Intelligent and honest reporting of whatever interests the public is the
sound basis of all journalism. And yet so careless have editors been of
all this that a reporter has been sent to attend the sessions of a
philological convention who had not the least linguistic knowledge,
having always been employed on marine disasters. Another reporter, who
was assigned to inform the public of the results of a difficult
archeological investigation, frankly confessed his inability to
understand what was going on; for his ordinary business, he said, was
cattle. A story is told of a metropolitan journal, which illustrates
another difficulty the public has in keeping up its confidence in
newspaper infallibility. It may not be true for history, but answers for
an illustration. The annual November meteors were expected on a certain
night. The journal prepared an elaborate article, several columns in
length, on meteoric displays in general, and on the display of that night
in particular, giving in detail the appearance of the heavens from the
metropolitan roofs in various parts of the city, the shooting of the
meteors amid the blazing constellations, the size and times of flight of
the fiery bodies; in short, a most vivid and scientific account of the
lofty fireworks. Unfortunately the night was cloudy. The article was in
type and ready; but the clouds would not break. The last moment for going
to press arrived: there was a probability that the clouds would lift
before daylight and the manager took the risk. The article that appeared
was very interesting; but its scientific value was impaired by the fact
that the heavens were obscured the whole night, and the meteors, if any
arrived, were invisible. The reasonable excuse of the editor would be
that he could not control the elements.
If the reporting department needs strengthening and reduction to order in
the American journal, we may also query whether the department of
correspondence sustains the boast that the American, newspaper is the
best in the world. We have a good deal of excellent correspondence, both
foreign and domestic; and our "specials" have won distinction, at least
for liveliness and enterprise. I cannot dwell upon this feature; but I
suggest a comparison with the correspondence of some of the German, and
with that especially of the London journals, from the various capitals of
Europe, and from the occasional seats of war. How surpassing able much of
it is!
How full of information, of philosophic observation, of accurate
knowledge! It appears to be written by men of trained intellect and of
experience,--educated men of the world, who, by reason of their position
and character, have access to the highest sources of information.
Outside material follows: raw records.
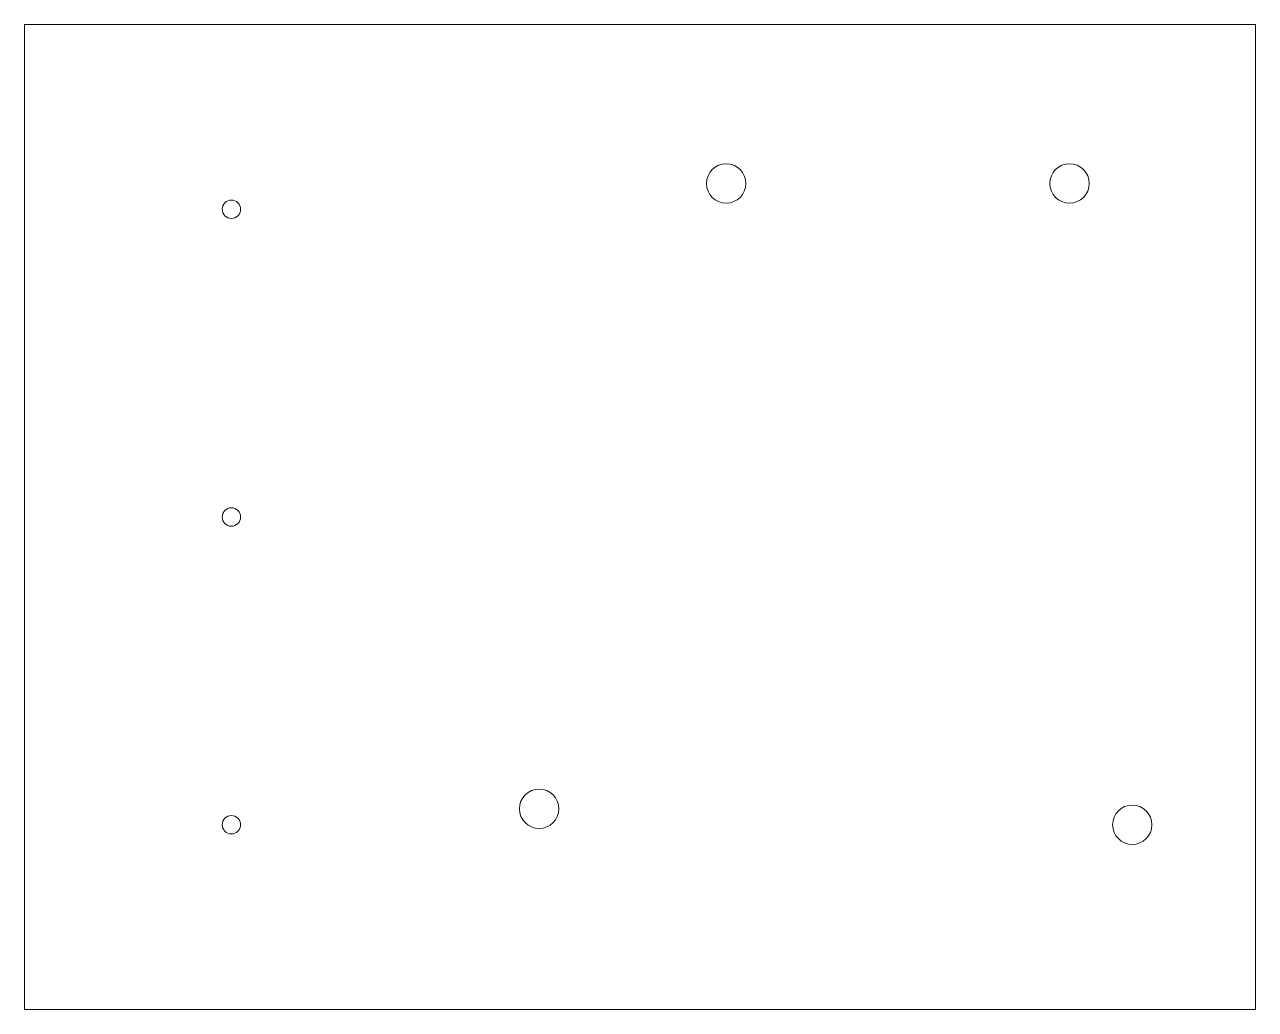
# Model space of a CAD drawing. Header units: millimetres. Extents: x -100 to 0, y 0 to 80.
import ezdxf

# ---------------------------------------------------------------- set-up
doc = ezdxf.new("R2010")
doc.units = ezdxf.units.MM

msp = doc.modelspace()

# ---------------------------------------------------------------- linework, layer by layer
at = {"color": 7, "linetype": 'Continuous', "lineweight": 15}
for p, q in [((-100, 80), (-100, 0)), ((0, 80), (-100, 80)), ((0, 0), (0, 80)), ((-100, 0), (0, 0))]:
    msp.add_line(p, q, dxfattribs=at)
for centre, radius in [((-43, 67.1), 1.6), ((-15.1, 67.1), 1.6), ((-83.2, 65), 0.75), ((-83.2, 40), 0.75), ((-58.2, 16.3), 1.6), ((-10, 15), 1.6), ((-83.2, 15), 0.75)]:
    msp.add_circle(centre, radius, dxfattribs=at)

doc.saveas('drawing.dxf')

The editorials of our journals seem to me better than formerly, improved
in tone, in courtesy, in self-respect,--though you may not have to go far
or search long for the provincial note and the easy grace of the
frontier,--and they are better written. This is because the newspaper has
become more profitable, and is able to pay for talent, and has attracted
to it educated young men. There is a sort of editorial ability, of
facility, of force, that can only be acquired by practice and in the
newspaper office: no school can ever teach it; but the young editor who
has a broad basis of general education, of information in history,
political economy, the classics, and polite literature, has an immense
advantage over the man who has merely practical experience. For the
editorial, if it is to hold its place, must be more and more the product
of information, culture, and reflection, as well as of sagacity and
alertness. Ignorance of foreign affairs, and of economic science, the
American people have in times past winked at; but they will not always
wink at it.
It is the belief of some shrewd observers that editorials, the long
editorials, are not much read, except by editors themselves. A cynic says
that, if you have a secret you are very anxious to keep from the female
portion of the population, the safest place to put it is in an editorial.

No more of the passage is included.